Sophie Adams
Raised in a rural community in Wyoming during the 1930s, Sophie Adams ended her schooling before the ninth grade to help out on her family’s farm. Eager to join the war effort, Sophie travelled for the first time to California, eventually landing a job at the Lockheed Corporation as a riveter.
In this interview, Sophie speaks about her experience growing up in Wyoming on a farm during the Great Depression. After Pearl Harbor, she witnessed the young men in her community, including her little brother, leaving for war. Despite her family’s reluctance, Sophie packed up and headed to California where she acquired a job packing lemons. She later found work riveting at the Lockheed Corporation. Sophie discusses rationing books, saving stamps, V-J Day, and her advice to the youth of today.
Hurrying Home to Share the Car Radio After Pearl Harbor
AM: Do you remember the first day of the war? Do you remember Pearl Harbor Day?
Oh yeah, sure do. In fact, I wasn’t at home when that happened. Of course, we just had a family car, and I happened to be in another town when I heard that on the news. So I hurried home, ‘cause we didn’t have no—we just had poor beginnings, really. So I hurried home so my parents could hear it on the radio, ‘cause the car had the radio in it. [laughs] Yeah, not everybody had radios where we lived out on the prairie.
The Oldest of Twenty-Three Children
I was the oldest, and then my sister Leila. Then my sister Vicky, and then my brother Ray, and Chris. There was twenty-three of us kids.
AM: Oh my God, you’re kidding me. Twenty-three children? [laughter]
One mother, one father. No twins, no nothing.
Singing While Lemon Packing for Sunkist
So then I got down to a little town named Carpinteria where my sister was living. And I was just there about a day or two, so then I went and applied for a job. And they hired me right away. And I worked where they packed lemons—I packed for Sunkist. I packed lemons, and that was all young girls and they were a lot of fun. We brought sheet music and sang and learned a lot of songs. Oh, we just had a barrel of fun. To me all that was like playing after working so hard on the farm.

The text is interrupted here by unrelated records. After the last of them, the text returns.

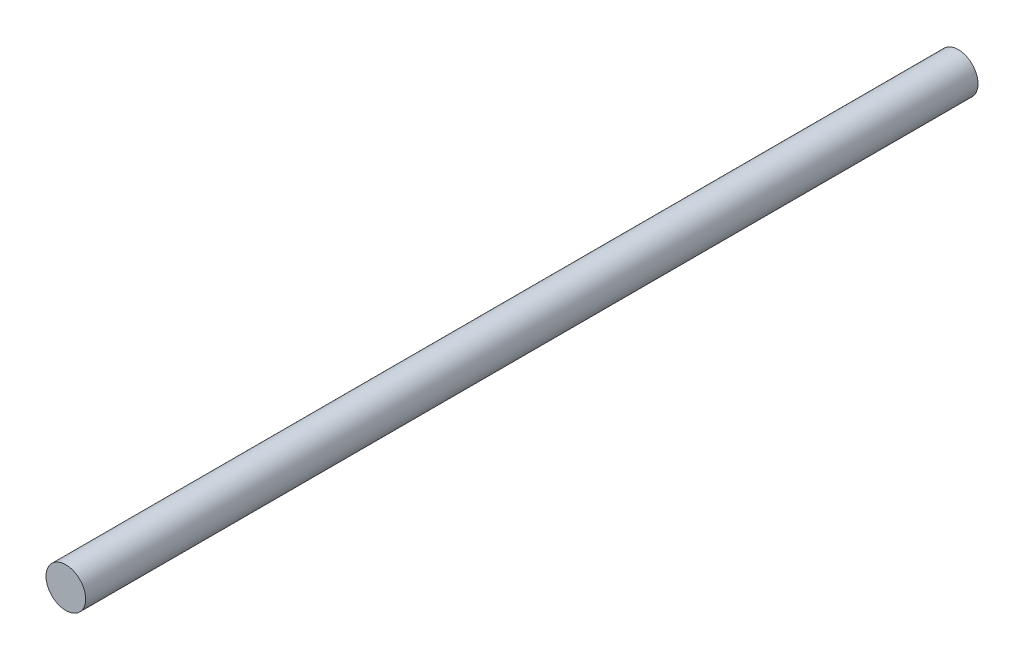
ISO-10303-21;
HEADER;
FILE_DESCRIPTION(('STEP AP214'),'2;1');
FILE_NAME('part.step','',(''),(''),'','','');
FILE_SCHEMA(('AUTOMOTIVE_DESIGN { 1 0 10303 214 1 1 1 1 }'));
ENDSEC;
DATA;
#1=APPLICATION_CONTEXT('core data for automotive mechanical design processes');
#2=APPLICATION_PROTOCOL_DEFINITION('international standard','automotive_design',2000,#1);
#3=PRODUCT_CONTEXT('',#1,'mechanical');
#4=PRODUCT('Part','Part','',(#3));
#5=PRODUCT_RELATED_PRODUCT_CATEGORY('part','',(#4));
#6=PRODUCT_DEFINITION_FORMATION('','',#4);
#7=PRODUCT_DEFINITION_CONTEXT('part definition',#1,'design');
#8=PRODUCT_DEFINITION('design','',#6,#7);
#9=PRODUCT_DEFINITION_SHAPE('','',#8);
#10=(LENGTH_UNIT() NAMED_UNIT(*) SI_UNIT(.MILLI.,.METRE.));
#11=(NAMED_UNIT(*) PLANE_ANGLE_UNIT() SI_UNIT($,.RADIAN.));
#12=(NAMED_UNIT(*) SI_UNIT($,.STERADIAN.) SOLID_ANGLE_UNIT());
#13=UNCERTAINTY_MEASURE_WITH_UNIT(LENGTH_MEASURE(1.E-05),#10,'distance_accuracy_value','');
#14=(GEOMETRIC_REPRESENTATION_CONTEXT(3) GLOBAL_UNCERTAINTY_ASSIGNED_CONTEXT((#13)) GLOBAL_UNIT_ASSIGNED_CONTEXT((#10,
#11,#12)) REPRESENTATION_CONTEXT('',''));
#15=CARTESIAN_POINT('',(0.,0.,0.));
#16=DIRECTION('',(0.,0.,1.));
#17=DIRECTION('',(1.,0.,0.));
#18=AXIS2_PLACEMENT_3D('',#15,#16,#17);
#19=CARTESIAN_POINT('',(-0.270441819863215,0.,90.));
#20=DIRECTION('',(0.,0.,-1.));
#21=DIRECTION('',(-1.,0.,0.));
#22=AXIS2_PLACEMENT_3D('',#19,#20,#21);
#23=CYLINDRICAL_SURFACE('',#22,2.);
#24=CARTESIAN_POINT('',(-0.270441819863215,0.,90.));
#25=DIRECTION('',(0.,0.,1.));
#26=DIRECTION('',(1.,0.,0.));
#27=AXIS2_PLACEMENT_3D('',#24,#25,#26);
#28=CIRCLE('',#27,2.);
#29=CARTESIAN_POINT('',(-2.27044181986322,0.,90.));
#30=VERTEX_POINT('',#29);
#31=EDGE_CURVE('E10',#30,#30,#28,.T.);
#32=CARTESIAN_POINT('',(-0.270441819863215,0.,0.));
#33=DIRECTION('',(0.,0.,1.));
#34=DIRECTION('',(1.,0.,0.));
#35=AXIS2_PLACEMENT_3D('',#32,#33,#34);
#36=CIRCLE('',#35,2.);
#37=CARTESIAN_POINT('',(-2.27044181986322,0.,0.));
#38=VERTEX_POINT('',#37);
#39=EDGE_CURVE('E39',#38,#38,#36,.T.);
#40=CARTESIAN_POINT('',(-2.27044181986322,0.,90.));
#41=CARTESIAN_POINT('',(-2.27044181986322,0.,89.0625));
#42=CARTESIAN_POINT('',(-2.27044181986322,0.,88.125));
#43=CARTESIAN_POINT('',(-2.27044181986322,0.,86.25));
#44=CARTESIAN_POINT('',(-2.27044181986322,0.,85.3125));
#45=CARTESIAN_POINT('',(-2.27044181986322,0.,83.4375));
#46=CARTESIAN_POINT('',(-2.27044181986322,0.,82.5));
#47=CARTESIAN_POINT('',(-2.27044181986322,0.,80.625));
#48=CARTESIAN_POINT('',(-2.27044181986322,0.,79.6875));
#49=CARTESIAN_POINT('',(-2.27044181986322,0.,77.8125));
#50=CARTESIAN_POINT('',(-2.27044181986322,0.,76.875));
#51=CARTESIAN_POINT('',(-2.27044181986322,0.,75.));
#52=CARTESIAN_POINT('',(-2.27044181986322,0.,74.0625));
#53=CARTESIAN_POINT('',(-2.27044181986322,0.,72.1875));
#54=CARTESIAN_POINT('',(-2.27044181986322,0.,71.25));
#55=CARTESIAN_POINT('',(-2.27044181986322,0.,69.375));
#56=CARTESIAN_POINT('',(-2.27044181986322,0.,68.4375));
#57=CARTESIAN_POINT('',(-2.27044181986322,0.,66.5625));
#58=CARTESIAN_POINT('',(-2.27044181986322,0.,65.625));
#59=CARTESIAN_POINT('',(-2.27044181986322,0.,63.75));
#60=CARTESIAN_POINT('',(-2.27044181986322,0.,62.8125));
#61=CARTESIAN_POINT('',(-2.27044181986322,0.,60.9375));
#62=CARTESIAN_POINT('',(-2.27044181986322,0.,60.));
#63=CARTESIAN_POINT('',(-2.27044181986322,0.,58.125));
#64=CARTESIAN_POINT('',(-2.27044181986322,0.,57.1875));
#65=CARTESIAN_POINT('',(-2.27044181986322,0.,55.3125));
#66=CARTESIAN_POINT('',(-2.27044181986322,0.,54.375));
#67=CARTESIAN_POINT('',(-2.27044181986322,0.,52.5));
#68=CARTESIAN_POINT('',(-2.27044181986322,0.,51.5625));
#69=CARTESIAN_POINT('',(-2.27044181986322,0.,49.6875));
#70=CARTESIAN_POINT('',(-2.27044181986322,0.,48.75));
#71=CARTESIAN_POINT('',(-2.27044181986322,0.,46.875));
#72=CARTESIAN_POINT('',(-2.27044181986322,0.,45.9375));
#73=CARTESIAN_POINT('',(-2.27044181986322,0.,44.0625));
#74=CARTESIAN_POINT('',(-2.27044181986322,0.,43.125));
#75=CARTESIAN_POINT('',(-2.27044181986322,0.,41.25));
#76=CARTESIAN_POINT('',(-2.27044181986322,0.,40.3125));
#77=CARTESIAN_POINT('',(-2.27044181986322,0.,38.4375));
#78=CARTESIAN_POINT('',(-2.27044181986322,0.,37.5));
#79=CARTESIAN_POINT('',(-2.27044181986322,0.,35.625));
#80=CARTESIAN_POINT('',(-2.27044181986322,0.,34.6875));
#81=CARTESIAN_POINT('',(-2.27044181986322,0.,32.8125));
#82=CARTESIAN_POINT('',(-2.27044181986322,0.,31.875));
#83=CARTESIAN_POINT('',(-2.27044181986322,0.,30.));
#84=CARTESIAN_POINT('',(-2.27044181986322,0.,29.0625));
#85=CARTESIAN_POINT('',(-2.27044181986322,0.,27.1875));
#86=CARTESIAN_POINT('',(-2.27044181986322,0.,26.25));
#87=CARTESIAN_POINT('',(-2.27044181986322,0.,24.375));
#88=CARTESIAN_POINT('',(-2.27044181986322,0.,23.4375));
#89=CARTESIAN_POINT('',(-2.27044181986322,0.,21.5625));
#90=CARTESIAN_POINT('',(-2.27044181986322,0.,20.625));
#91=CARTESIAN_POINT('',(-2.27044181986322,0.,18.75));
#92=CARTESIAN_POINT('',(-2.27044181986322,0.,17.8125));
#93=CARTESIAN_POINT('',(-2.27044181986322,0.,15.9375));
#94=CARTESIAN_POINT('',(-2.27044181986322,0.,15.));
#95=CARTESIAN_POINT('',(-2.27044181986322,0.,13.125));
#96=CARTESIAN_POINT('',(-2.27044181986322,0.,12.1875));
#97=CARTESIAN_POINT('',(-2.27044181986322,0.,10.3125));
#98=CARTESIAN_POINT('',(-2.27044181986322,0.,9.37499999999999));
#99=CARTESIAN_POINT('',(-2.27044181986322,0.,7.49999999999999));
#100=CARTESIAN_POINT('',(-2.27044181986322,0.,6.56249999999999));
#101=CARTESIAN_POINT('',(-2.27044181986322,0.,4.68749999999999));
#102=CARTESIAN_POINT('',(-2.27044181986322,0.,3.74999999999998));
#103=CARTESIAN_POINT('',(-2.27044181986322,0.,1.87499999999998));
#104=CARTESIAN_POINT('',(-2.27044181986322,0.,0.937499999999986));
#105=CARTESIAN_POINT('',(-2.27044181986322,0.,0.));
#106=B_SPLINE_CURVE_WITH_KNOTS('',3,(#40,#41,#42,#43,#44,#45,#46,#47,#48,#49,#50,#51,#52,#53,
#54,#55,#56,#57,#58,#59,#60,#61,#62,#63,#64,#65,#66,#67,#68,#69,#70,#71,#72,#73,#74,#75,#76,#77,
#78,#79,#80,#81,#82,#83,#84,#85,#86,#87,#88,#89,#90,#91,#92,#93,#94,#95,#96,#97,#98,#99,#100,
#101,#102,#103,#104,#105),.UNSPECIFIED.,.F.,.F.,(4,2,2,2,2,2,2,2,2,2,2,2,2,2,2,2,2,2,2,2,2,2,2,
2,2,2,2,2,2,2,2,2,4),(0.,2.8125,5.62499999999999,8.43749999999999,11.25,14.0625,16.875,19.6875,
22.5,25.3125,28.125,30.9375,33.75,36.5625,39.375,42.1875,45.,47.8125,50.625,53.4375,56.25,
59.0625,61.875,64.6875,67.5,70.3125,73.125,75.9375,78.75,81.5625,84.375,87.1875,90.),.UNSPECIFIED.);
#107=EDGE_CURVE('BSEAM36',#30,#38,#106,.T.);
#108=ORIENTED_EDGE('',*,*,#31,.F.);
#109=ORIENTED_EDGE('',*,*,#39,.T.);
#110=ORIENTED_EDGE('',*,*,#107,.T.);
#111=ORIENTED_EDGE('',*,*,#107,.F.);
#112=EDGE_LOOP('',(#108,#110,#109,#111));
#113=FACE_BOUND('',#112,.T.);
#114=ADVANCED_FACE('F36',(#113),#23,.T.);
#115=CARTESIAN_POINT('',(-0.270441819863215,0.,90.));
#116=DIRECTION('',(0.,0.,1.));
#117=DIRECTION('',(1.,0.,0.));
#118=AXIS2_PLACEMENT_3D('',#115,#116,#117);
#119=PLANE('',#118);
#120=ORIENTED_EDGE('',*,*,#31,.T.);
#121=EDGE_LOOP('',(#120));
#122=FACE_BOUND('',#121,.T.);
#123=ADVANCED_FACE('F51',(#122),#119,.T.);
#124=CARTESIAN_POINT('',(-0.270441819863215,0.,0.));
#125=DIRECTION('',(0.,0.,1.));
#126=DIRECTION('',(1.,0.,0.));
#127=AXIS2_PLACEMENT_3D('',#124,#125,#126);
#128=PLANE('',#127);
#129=ORIENTED_EDGE('',*,*,#39,.F.);
#130=EDGE_LOOP('',(#129));
#131=FACE_BOUND('',#130,.T.);
#132=ADVANCED_FACE('F49',(#131),#128,.F.);
#133=CLOSED_SHELL('',(#114,#123,#132));
#134=MANIFOLD_SOLID_BREP('B2',#133);
#135=ADVANCED_BREP_SHAPE_REPRESENTATION('',(#18,#134),#14);
#136=SHAPE_DEFINITION_REPRESENTATION(#9,#135);
ENDSEC;
END-ISO-10303-21;
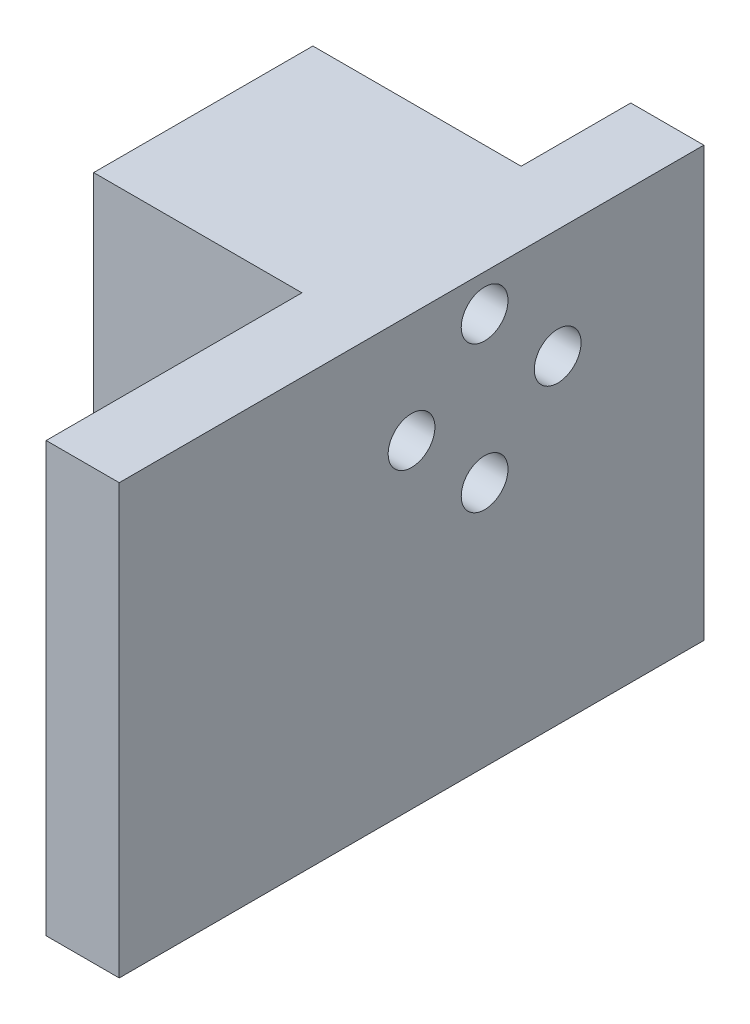
ISO-10303-21;
HEADER;
FILE_DESCRIPTION(('STEP AP214'),'2;1');
FILE_NAME('part.step','',(''),(''),'','','');
FILE_SCHEMA(('AUTOMOTIVE_DESIGN { 1 0 10303 214 1 1 1 1 }'));
ENDSEC;
DATA;
#1=APPLICATION_CONTEXT('core data for automotive mechanical design processes');
#2=APPLICATION_PROTOCOL_DEFINITION('international standard','automotive_design',2000,#1);
#3=PRODUCT_CONTEXT('',#1,'mechanical');
#4=PRODUCT('Part','Part','',(#3));
#5=PRODUCT_RELATED_PRODUCT_CATEGORY('part','',(#4));
#6=PRODUCT_DEFINITION_FORMATION('','',#4);
#7=PRODUCT_DEFINITION_CONTEXT('part definition',#1,'design');
#8=PRODUCT_DEFINITION('design','',#6,#7);
#9=PRODUCT_DEFINITION_SHAPE('','',#8);
#10=(LENGTH_UNIT() NAMED_UNIT(*) SI_UNIT(.MILLI.,.METRE.));
#11=(NAMED_UNIT(*) PLANE_ANGLE_UNIT() SI_UNIT($,.RADIAN.));
#12=(NAMED_UNIT(*) SI_UNIT($,.STERADIAN.) SOLID_ANGLE_UNIT());
#13=UNCERTAINTY_MEASURE_WITH_UNIT(LENGTH_MEASURE(1.E-05),#10,'distance_accuracy_value','');
#14=(GEOMETRIC_REPRESENTATION_CONTEXT(3) GLOBAL_UNCERTAINTY_ASSIGNED_CONTEXT((#13)) GLOBAL_UNIT_ASSIGNED_CONTEXT((#10,
#11,#12)) REPRESENTATION_CONTEXT('',''));
#15=CARTESIAN_POINT('',(0.,0.,0.));
#16=DIRECTION('',(0.,0.,1.));
#17=DIRECTION('',(1.,0.,0.));
#18=AXIS2_PLACEMENT_3D('',#15,#16,#17);
#19=CARTESIAN_POINT('',(-44.75,38.,-15.));
#20=DIRECTION('',(1.,0.,0.));
#21=DIRECTION('',(0.,0.,-1.));
#22=AXIS2_PLACEMENT_3D('',#19,#20,#21);
#23=PLANE('',#22);
#24=DIRECTION('',(0.,1.,0.));
#25=VECTOR('',#24,1.);
#26=CARTESIAN_POINT('',(-44.75,34.3499999999999,7.50000000000001));
#27=LINE('',#26,#25);
#28=CARTESIAN_POINT('',(-44.75,14.3499999999999,7.50000000000001));
#29=VERTEX_POINT('',#28);
#30=CARTESIAN_POINT('',(-44.75,34.3499999999999,7.50000000000002));
#31=VERTEX_POINT('',#30);
#32=EDGE_CURVE('E98',#29,#31,#27,.T.);
#33=ORIENTED_EDGE('',*,*,#32,.F.);
#34=DIRECTION('',(0.,0.,1.));
#35=VECTOR('',#34,1.);
#36=CARTESIAN_POINT('',(-44.75,14.3499999999999,-7.49999999999999));
#37=LINE('',#36,#35);
#38=CARTESIAN_POINT('',(-44.75,14.3499999999999,-7.49999999999999));
#39=VERTEX_POINT('',#38);
#40=EDGE_CURVE('E204',#29,#39,#37,.F.);
#41=ORIENTED_EDGE('',*,*,#40,.T.);
#42=DIRECTION('',(0.,-1.,0.));
#43=VECTOR('',#42,1.);
#44=CARTESIAN_POINT('',(-44.75,34.3499999999999,-7.49999999999999));
#45=LINE('',#44,#43);
#46=CARTESIAN_POINT('',(-44.75,34.3499999999999,-7.49999999999999));
#47=VERTEX_POINT('',#46);
#48=EDGE_CURVE('E105',#47,#39,#45,.T.);
#49=ORIENTED_EDGE('',*,*,#48,.F.);
#50=DIRECTION('',(0.,0.,1.));
#51=VECTOR('',#50,1.);
#52=CARTESIAN_POINT('',(-44.75,34.3499999999999,-85.));
#53=LINE('',#52,#51);
#54=CARTESIAN_POINT('',(-44.75,34.3499999999999,-15.));
#55=VERTEX_POINT('',#54);
#56=EDGE_CURVE('E217',#55,#47,#53,.T.);
#57=ORIENTED_EDGE('',*,*,#56,.F.);
#58=DIRECTION('',(0.,-1.,0.));
#59=VECTOR('',#58,1.);
#60=CARTESIAN_POINT('',(-44.75,38.,-15.));
#61=LINE('',#60,#59);
#62=CARTESIAN_POINT('',(-44.75,5.,-15.));
#63=VERTEX_POINT('',#62);
#64=EDGE_CURVE('E164',#55,#63,#61,.T.);
#65=ORIENTED_EDGE('',*,*,#64,.T.);
#66=DIRECTION('',(0.,0.,1.));
#67=VECTOR('',#66,1.);
#68=CARTESIAN_POINT('',(-44.75,5.,-15.));
#69=LINE('',#68,#67);
#70=CARTESIAN_POINT('',(-44.75,5.,25.));
#71=VERTEX_POINT('',#70);
#72=EDGE_CURVE('E160',#63,#71,#69,.T.);
#73=ORIENTED_EDGE('',*,*,#72,.T.);
#74=DIRECTION('',(0.,-1.,0.));
#75=VECTOR('',#74,1.);
#76=CARTESIAN_POINT('',(-44.75,38.,25.));
#77=LINE('',#76,#75);
#78=CARTESIAN_POINT('',(-44.75,34.3499999999999,25.));
#79=VERTEX_POINT('',#78);
#80=EDGE_CURVE('E185',#79,#71,#77,.T.);
#81=ORIENTED_EDGE('',*,*,#80,.F.);
#82=EDGE_CURVE('E235',#31,#79,#53,.T.);
#83=ORIENTED_EDGE('',*,*,#82,.F.);
#84=EDGE_LOOP('',(#33,#41,#49,#57,#65,#73,#81,#83));
#85=FACE_BOUND('',#84,.T.);
#86=ADVANCED_FACE('F83',(#85),#23,.F.);
#87=CARTESIAN_POINT('',(-44.75,38.,25.));
#88=DIRECTION('',(0.,0.,-1.));
#89=DIRECTION('',(-1.,0.,0.));
#90=AXIS2_PLACEMENT_3D('',#87,#88,#89);
#91=PLANE('',#90);
#92=DIRECTION('',(0.,-1.,0.));
#93=VECTOR('',#92,1.);
#94=CARTESIAN_POINT('',(-39.75,38.,25.));
#95=LINE('',#94,#93);
#96=CARTESIAN_POINT('',(-39.75,34.3499999999999,25.));
#97=VERTEX_POINT('',#96);
#98=CARTESIAN_POINT('',(-39.75,5.,25.));
#99=VERTEX_POINT('',#98);
#100=EDGE_CURVE('E173',#97,#99,#95,.T.);
#101=ORIENTED_EDGE('',*,*,#100,.F.);
#102=DIRECTION('',(1.,0.,0.));
#103=VECTOR('',#102,1.);
#104=CARTESIAN_POINT('',(-44.75,34.3499999999999,25.));
#105=LINE('',#104,#103);
#106=EDGE_CURVE('E239',#79,#97,#105,.T.);
#107=ORIENTED_EDGE('',*,*,#106,.F.);
#108=ORIENTED_EDGE('',*,*,#80,.T.);
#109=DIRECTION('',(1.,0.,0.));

Of course, my dad, he depended on me a lot. I drove the tractor and plowed—I did everything. Only think he wouldn’t let me run was the sickle mower. That was the only thing. But I could handle all the other farm equipment that he had, the disc and harrow, all that. My dad was real patient and just taught me everything.
How to Wrap a Lemon
We wrapped them and boxed them. We had a lady that taught us how to do it. And the smaller the lemons, the more money you made. They was in graduated sizes. I was trying to work in the bins where all the little lemons was at, ‘cause I could wrap pretty good and I was pretty swift at it.
AM: Now, you didn’t wrap every lemon? You just wrapped—what does it mean to wrap a lemon?
Oh, you just had like a board on one side of you and you had like a rubber finger stall. And you just hit that paper and then pick up the lemon and put it in that paper, and then you give it like a swirl to wrap it. And in the box where you put it in, it was [like a] a hat: you put one, two, three; and then you go back and put one, two, three. And that’s the way that you filled up the box.
AM: Now these lemons were not used in the war effort—were these lemons sent over as food for the troops?
That I never did know.
Clothing and Hair Regulations at Lockheed
You had special clothes that you wore. You wore like a jumpsuit. It couldn’t be tight; it had to be pretty loose. And your shoes had to be a size larger than what you normally wore. And you had to wear your hair in a snood. Because at that time my hair, it came down clear to the middle of my back. So I wore a snood all the time.
AM: And a snood is basically, it’s almost like a very loose hairnet?
It’s like a loose hairnet with big weave, like a fishing net, you know? You put your hair in it and you brought it up and tied the big ribbon right at the top. It’s how it was.
Standing Up to Teasing for Working in the Fields
I did find that at home when I worked on the fields. Girls used to say stuff to me about working in the fields all the time, you know? And I just ignored ‘em, I just ignored ‘em.
AM: So, when you worked in the field sometimes you were made fun of, but when you worked in the factory you were not?
Uh-huh. If I worked in the fields, I said, “Well, you know what, this isn’t the first time women have worked in the fields. Way back in the earlier part of days before I was along, they worked in the fields—they had to.”
Trading Sugar Stamps for Shoe Stamps
Of course, I didn’t do a lot of baking, so I used to trade my sugar stamps for shoe stamps.
AM: In other words, you didn’t want your sugar, you wanted your shoes, right?
[laughs] I wasn’t doing any baking, so I didn’t need all that sugar.
AM: So you had two pairs of shoes, huh? Big deal, right?
And then I knew a girl in Santa Barbara at the cosmetic counter. And I don’t know why she just took a liking to me. She would save toothpaste for me, the stuff that you couldn’t get.